Assignment »
The records below must be copied in full; omit the images.

Records shown »
++++++++

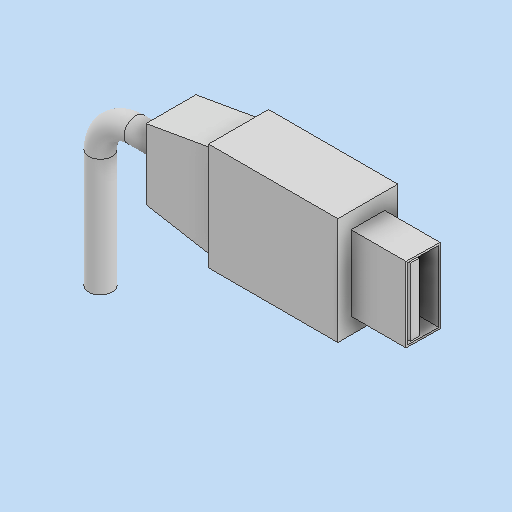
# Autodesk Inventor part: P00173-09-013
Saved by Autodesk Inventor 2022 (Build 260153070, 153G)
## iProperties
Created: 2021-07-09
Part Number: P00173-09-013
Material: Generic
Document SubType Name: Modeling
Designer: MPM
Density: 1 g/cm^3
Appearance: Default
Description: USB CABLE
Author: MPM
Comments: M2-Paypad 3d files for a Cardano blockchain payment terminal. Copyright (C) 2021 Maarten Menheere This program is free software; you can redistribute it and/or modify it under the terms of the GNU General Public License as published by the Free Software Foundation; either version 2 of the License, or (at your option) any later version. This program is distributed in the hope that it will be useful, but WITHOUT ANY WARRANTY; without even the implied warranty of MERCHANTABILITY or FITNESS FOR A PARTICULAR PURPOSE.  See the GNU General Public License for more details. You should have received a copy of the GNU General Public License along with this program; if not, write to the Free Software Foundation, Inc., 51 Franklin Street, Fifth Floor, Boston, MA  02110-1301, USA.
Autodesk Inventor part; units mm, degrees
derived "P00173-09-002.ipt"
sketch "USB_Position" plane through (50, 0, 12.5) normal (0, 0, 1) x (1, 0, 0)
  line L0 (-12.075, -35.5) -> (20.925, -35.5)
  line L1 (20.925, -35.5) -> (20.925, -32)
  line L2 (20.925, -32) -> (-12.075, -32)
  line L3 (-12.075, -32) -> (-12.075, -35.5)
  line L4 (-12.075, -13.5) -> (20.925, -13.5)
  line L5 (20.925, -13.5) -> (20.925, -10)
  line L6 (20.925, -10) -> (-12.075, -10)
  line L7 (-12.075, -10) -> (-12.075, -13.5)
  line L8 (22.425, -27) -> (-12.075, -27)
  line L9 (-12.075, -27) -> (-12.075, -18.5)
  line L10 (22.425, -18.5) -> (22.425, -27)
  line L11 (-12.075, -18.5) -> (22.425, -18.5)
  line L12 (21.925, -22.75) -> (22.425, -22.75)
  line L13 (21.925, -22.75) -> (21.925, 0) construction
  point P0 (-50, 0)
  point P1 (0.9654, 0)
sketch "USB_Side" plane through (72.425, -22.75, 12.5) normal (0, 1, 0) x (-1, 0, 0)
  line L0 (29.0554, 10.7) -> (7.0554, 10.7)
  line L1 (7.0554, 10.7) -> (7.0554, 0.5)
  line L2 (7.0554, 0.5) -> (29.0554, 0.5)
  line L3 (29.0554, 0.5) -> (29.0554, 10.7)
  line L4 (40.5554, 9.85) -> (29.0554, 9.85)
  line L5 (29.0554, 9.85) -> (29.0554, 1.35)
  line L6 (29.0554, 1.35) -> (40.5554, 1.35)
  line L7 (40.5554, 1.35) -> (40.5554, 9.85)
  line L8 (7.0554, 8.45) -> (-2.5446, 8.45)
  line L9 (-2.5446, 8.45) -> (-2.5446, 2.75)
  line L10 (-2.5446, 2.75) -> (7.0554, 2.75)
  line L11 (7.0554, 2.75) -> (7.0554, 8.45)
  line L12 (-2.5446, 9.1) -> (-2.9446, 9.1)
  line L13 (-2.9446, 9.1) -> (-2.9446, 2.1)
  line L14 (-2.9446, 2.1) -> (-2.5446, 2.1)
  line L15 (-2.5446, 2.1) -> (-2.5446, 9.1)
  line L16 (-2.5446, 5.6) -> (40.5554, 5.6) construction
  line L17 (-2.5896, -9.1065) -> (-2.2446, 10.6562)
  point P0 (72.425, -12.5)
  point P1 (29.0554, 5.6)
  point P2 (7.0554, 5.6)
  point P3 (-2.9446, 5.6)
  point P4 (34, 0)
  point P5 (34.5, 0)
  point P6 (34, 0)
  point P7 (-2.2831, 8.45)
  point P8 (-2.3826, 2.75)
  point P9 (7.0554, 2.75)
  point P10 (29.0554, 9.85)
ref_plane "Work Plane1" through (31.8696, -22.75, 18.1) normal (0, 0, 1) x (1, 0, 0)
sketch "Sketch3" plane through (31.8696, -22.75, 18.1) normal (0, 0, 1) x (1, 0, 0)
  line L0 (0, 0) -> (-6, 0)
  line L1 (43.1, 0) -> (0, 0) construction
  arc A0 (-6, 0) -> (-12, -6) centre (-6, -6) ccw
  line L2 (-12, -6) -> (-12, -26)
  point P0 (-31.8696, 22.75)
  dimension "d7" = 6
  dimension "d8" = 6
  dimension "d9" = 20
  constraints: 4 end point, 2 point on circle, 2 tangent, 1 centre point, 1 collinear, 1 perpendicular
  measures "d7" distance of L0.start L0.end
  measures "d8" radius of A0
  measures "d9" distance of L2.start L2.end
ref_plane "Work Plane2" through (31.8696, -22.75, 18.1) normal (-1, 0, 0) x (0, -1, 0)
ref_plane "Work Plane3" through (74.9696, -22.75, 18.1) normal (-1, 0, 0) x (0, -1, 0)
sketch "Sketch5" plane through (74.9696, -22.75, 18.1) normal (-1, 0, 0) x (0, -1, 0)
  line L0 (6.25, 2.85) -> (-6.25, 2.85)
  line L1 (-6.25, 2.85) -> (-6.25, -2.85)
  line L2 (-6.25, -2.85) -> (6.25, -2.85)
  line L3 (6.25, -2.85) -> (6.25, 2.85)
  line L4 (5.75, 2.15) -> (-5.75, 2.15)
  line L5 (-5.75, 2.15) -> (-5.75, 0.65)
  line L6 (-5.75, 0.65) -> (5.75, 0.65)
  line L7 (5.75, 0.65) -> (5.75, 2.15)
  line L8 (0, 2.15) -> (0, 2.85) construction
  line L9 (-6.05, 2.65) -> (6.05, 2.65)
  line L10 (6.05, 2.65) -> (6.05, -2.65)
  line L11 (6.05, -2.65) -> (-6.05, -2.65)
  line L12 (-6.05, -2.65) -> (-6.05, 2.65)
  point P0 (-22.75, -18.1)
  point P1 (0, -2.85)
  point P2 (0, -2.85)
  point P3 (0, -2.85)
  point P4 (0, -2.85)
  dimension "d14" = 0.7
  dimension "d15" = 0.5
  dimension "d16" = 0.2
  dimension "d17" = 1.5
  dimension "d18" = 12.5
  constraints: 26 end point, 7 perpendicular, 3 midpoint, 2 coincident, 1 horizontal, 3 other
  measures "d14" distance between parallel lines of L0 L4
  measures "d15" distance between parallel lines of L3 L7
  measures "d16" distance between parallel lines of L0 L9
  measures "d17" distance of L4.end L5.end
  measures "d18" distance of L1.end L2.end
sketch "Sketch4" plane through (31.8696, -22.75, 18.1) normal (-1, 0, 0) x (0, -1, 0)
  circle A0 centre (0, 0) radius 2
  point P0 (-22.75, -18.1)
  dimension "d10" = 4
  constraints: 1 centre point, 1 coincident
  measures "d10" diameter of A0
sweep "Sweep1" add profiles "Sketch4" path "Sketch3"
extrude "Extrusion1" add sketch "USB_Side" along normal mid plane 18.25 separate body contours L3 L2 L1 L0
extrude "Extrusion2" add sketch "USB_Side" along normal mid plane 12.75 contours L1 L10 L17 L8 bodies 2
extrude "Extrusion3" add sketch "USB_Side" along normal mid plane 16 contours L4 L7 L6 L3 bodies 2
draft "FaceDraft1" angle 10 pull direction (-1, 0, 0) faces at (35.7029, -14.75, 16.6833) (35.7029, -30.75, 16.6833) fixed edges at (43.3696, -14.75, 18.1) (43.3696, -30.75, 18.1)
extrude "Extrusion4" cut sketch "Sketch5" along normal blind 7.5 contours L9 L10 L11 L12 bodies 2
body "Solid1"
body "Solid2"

++++++++

Answer for this exercise »
# Autodesk Inventor part: P00173-09-013
Saved by Autodesk Inventor 2022 (Build 260153070, 153G)
## iProperties
Created: 2021-07-09
Part Number: P00173-09-013
Material: Generic
Document SubType Name: Modeling
Designer: MPM
Density: 1 g/cm^3
Appearance: Default
Description: USB CABLE
Author: MPM
Comments: M2-Paypad 3d files for a Cardano blockchain payment terminal. Copyright (C) 2021 Maarten Menheere This program is free software; you can redistribute it and/or modify it under the terms of the GNU General Public License as published by the Free Software Foundation; either version 2 of the License, or (at your option) any later version. This program is distributed in the hope that it will be useful, but WITHOUT ANY WARRANTY; without even the implied warranty of MERCHANTABILITY or FITNESS FOR A PARTICULAR PURPOSE.  See the GNU General Public License for more details. You should have received a copy of the GNU General Public License along with this program; if not, write to the Free Software Foundation, Inc., 51 Franklin Street, Fifth Floor, Boston, MA  02110-1301, USA.
Autodesk Inventor part; units mm, degrees
derived "P00173-09-002.ipt"
sketch "USB_Position" plane through (50, 0, 12.5) normal (0, 0, 1) x (1, 0, 0)
  line L0 (-12.075, -35.5) -> (20.925, -35.5)
  line L1 (20.925, -35.5) -> (20.925, -32)
  line L2 (20.925, -32) -> (-12.075, -32)
  line L3 (-12.075, -32) -> (-12.075, -35.5)
  line L4 (-12.075, -13.5) -> (20.925, -13.5)
  line L5 (20.925, -13.5) -> (20.925, -10)
  line L6 (20.925, -10) -> (-12.075, -10)
  line L7 (-12.075, -10) -> (-12.075, -13.5)
  line L8 (22.425, -27) -> (-12.075, -27)
  line L9 (-12.075, -27) -> (-12.075, -18.5)
  line L10 (22.425, -18.5) -> (22.425, -27)
  line L11 (-12.075, -18.5) -> (22.425, -18.5)
  line L12 (21.925, -22.75) -> (22.425, -22.75)
  line L13 (21.925, -22.75) -> (21.925, 0) construction
  point P0 (-50, 0)
  point P1 (0.9654, 0)
sketch "USB_Side" plane through (72.425, -22.75, 12.5) normal (0, 1, 0) x (-1, 0, 0)
  line L0 (29.0554, 10.7) -> (7.0554, 10.7)
  line L1 (7.0554, 10.7) -> (7.0554, 0.5)
  line L2 (7.0554, 0.5) -> (29.0554, 0.5)
  line L3 (29.0554, 0.5) -> (29.0554, 10.7)
  line L4 (40.5554, 9.85) -> (29.0554, 9.85)
  line L5 (29.0554, 9.85) -> (29.0554, 1.35)
  line L6 (29.0554, 1.35) -> (40.5554, 1.35)
  line L7 (40.5554, 1.35) -> (40.5554, 9.85)
  line L8 (7.0554, 8.45) -> (-2.5446, 8.45)
  line L9 (-2.5446, 8.45) -> (-2.5446, 2.75)
  line L10 (-2.5446, 2.75) -> (7.0554, 2.75)
  line L11 (7.0554, 2.75) -> (7.0554, 8.45)
  line L12 (-2.5446, 9.1) -> (-2.9446, 9.1)
  line L13 (-2.9446, 9.1) -> (-2.9446, 2.1)
  line L14 (-2.9446, 2.1) -> (-2.5446, 2.1)
  line L15 (-2.5446, 2.1) -> (-2.5446, 9.1)
  line L16 (-2.5446, 5.6) -> (40.5554, 5.6) construction
  line L17 (-2.5896, -9.1065) -> (-2.2446, 10.6562)
  point P0 (72.425, -12.5)
  point P1 (29.0554, 5.6)
  point P2 (7.0554, 5.6)
  point P3 (-2.9446, 5.6)
  point P4 (34, 0)
  point P5 (34.5, 0)
  point P6 (34, 0)
  point P7 (-2.2831, 8.45)
  point P8 (-2.3826, 2.75)
  point P9 (7.0554, 2.75)
  point P10 (29.0554, 9.85)
ref_plane "Work Plane1" through (31.8696, -22.75, 18.1) normal (0, 0, 1) x (1, 0, 0)
sketch "Sketch3" plane through (31.8696, -22.75, 18.1) normal (0, 0, 1) x (1, 0, 0)
  line L0 (0, 0) -> (-6, 0)
  line L1 (43.1, 0) -> (0, 0) construction
  arc A0 (-6, 0) -> (-12, -6) centre (-6, -6) ccw
  line L2 (-12, -6) -> (-12, -26)
  point P0 (-31.8696, 22.75)
  dimension "d7" = 6
  dimension "d8" = 6
  dimension "d9" = 20
  constraints: 4 end point, 2 point on circle, 2 tangent, 1 centre point, 1 collinear, 1 perpendicular
  measures "d7" distance of L0.start L0.end
  measures "d8" radius of A0
  measures "d9" distance of L2.start L2.end
ref_plane "Work Plane2" through (31.8696, -22.75, 18.1) normal (-1, 0, 0) x (0, -1, 0)
ref_plane "Work Plane3" through (74.9696, -22.75, 18.1) normal (-1, 0, 0) x (0, -1, 0)
sketch "Sketch5" plane through (74.9696, -22.75, 18.1) normal (-1, 0, 0) x (0, -1, 0)
  line L0 (6.25, 2.85) -> (-6.25, 2.85)
  line L1 (-6.25, 2.85) -> (-6.25, -2.85)
  line L2 (-6.25, -2.85) -> (6.25, -2.85)
  line L3 (6.25, -2.85) -> (6.25, 2.85)
  line L4 (5.75, 2.15) -> (-5.75, 2.15)
  line L5 (-5.75, 2.15) -> (-5.75, 0.65)
  line L6 (-5.75, 0.65) -> (5.75, 0.65)
  line L7 (5.75, 0.65) -> (5.75, 2.15)
  line L8 (0, 2.15) -> (0, 2.85) construction
  line L9 (-6.05, 2.65) -> (6.05, 2.65)
  line L10 (6.05, 2.65) -> (6.05, -2.65)
  line L11 (6.05, -2.65) -> (-6.05, -2.65)
  line L12 (-6.05, -2.65) -> (-6.05, 2.65)
  point P0 (-22.75, -18.1)
  point P1 (0, -2.85)
  point P2 (0, -2.85)
  point P3 (0, -2.85)
  point P4 (0, -2.85)
  dimension "d14" = 0.7
  dimension "d15" = 0.5
  dimension "d16" = 0.2
  dimension "d17" = 1.5
  dimension "d18" = 12.5
  constraints: 26 end point, 7 perpendicular, 3 midpoint, 2 coincident, 1 horizontal, 3 other
  measures "d14" distance between parallel lines of L0 L4
  measures "d15" distance between parallel lines of L3 L7
  measures "d16" distance between parallel lines of L0 L9
  measures "d17" distance of L4.end L5.end
  measures "d18" distance of L1.end L2.end
sketch "Sketch4" plane through (31.8696, -22.75, 18.1) normal (-1, 0, 0) x (0, -1, 0)
  circle A0 centre (0, 0) radius 2
  point P0 (-22.75, -18.1)
  dimension "d10" = 4
  constraints: 1 centre point, 1 coincident
  measures "d10" diameter of A0
sweep "Sweep1" add profiles "Sketch4" path "Sketch3"
extrude "Extrusion1" add sketch "USB_Side" along normal mid plane 18.25 separate body contours L3 L2 L1 L0
extrude "Extrusion2" add sketch "USB_Side" along normal mid plane 12.75 contours L1 L10 L17 L8 bodies 2
extrude "Extrusion3" add sketch "USB_Side" along normal mid plane 16 contours L4 L7 L6 L3 bodies 2
draft "FaceDraft1" angle 10 pull direction (-1, 0, 0) faces at (35.7029, -14.75, 16.6833) (35.7029, -30.75, 16.6833) fixed edges at (43.3696, -14.75, 18.1) (43.3696, -30.75, 18.1)
extrude "Extrusion4" cut sketch "Sketch5" along normal blind 7.5 contours L9 L10 L11 L12 bodies 2
body "Solid1"
body "Solid2"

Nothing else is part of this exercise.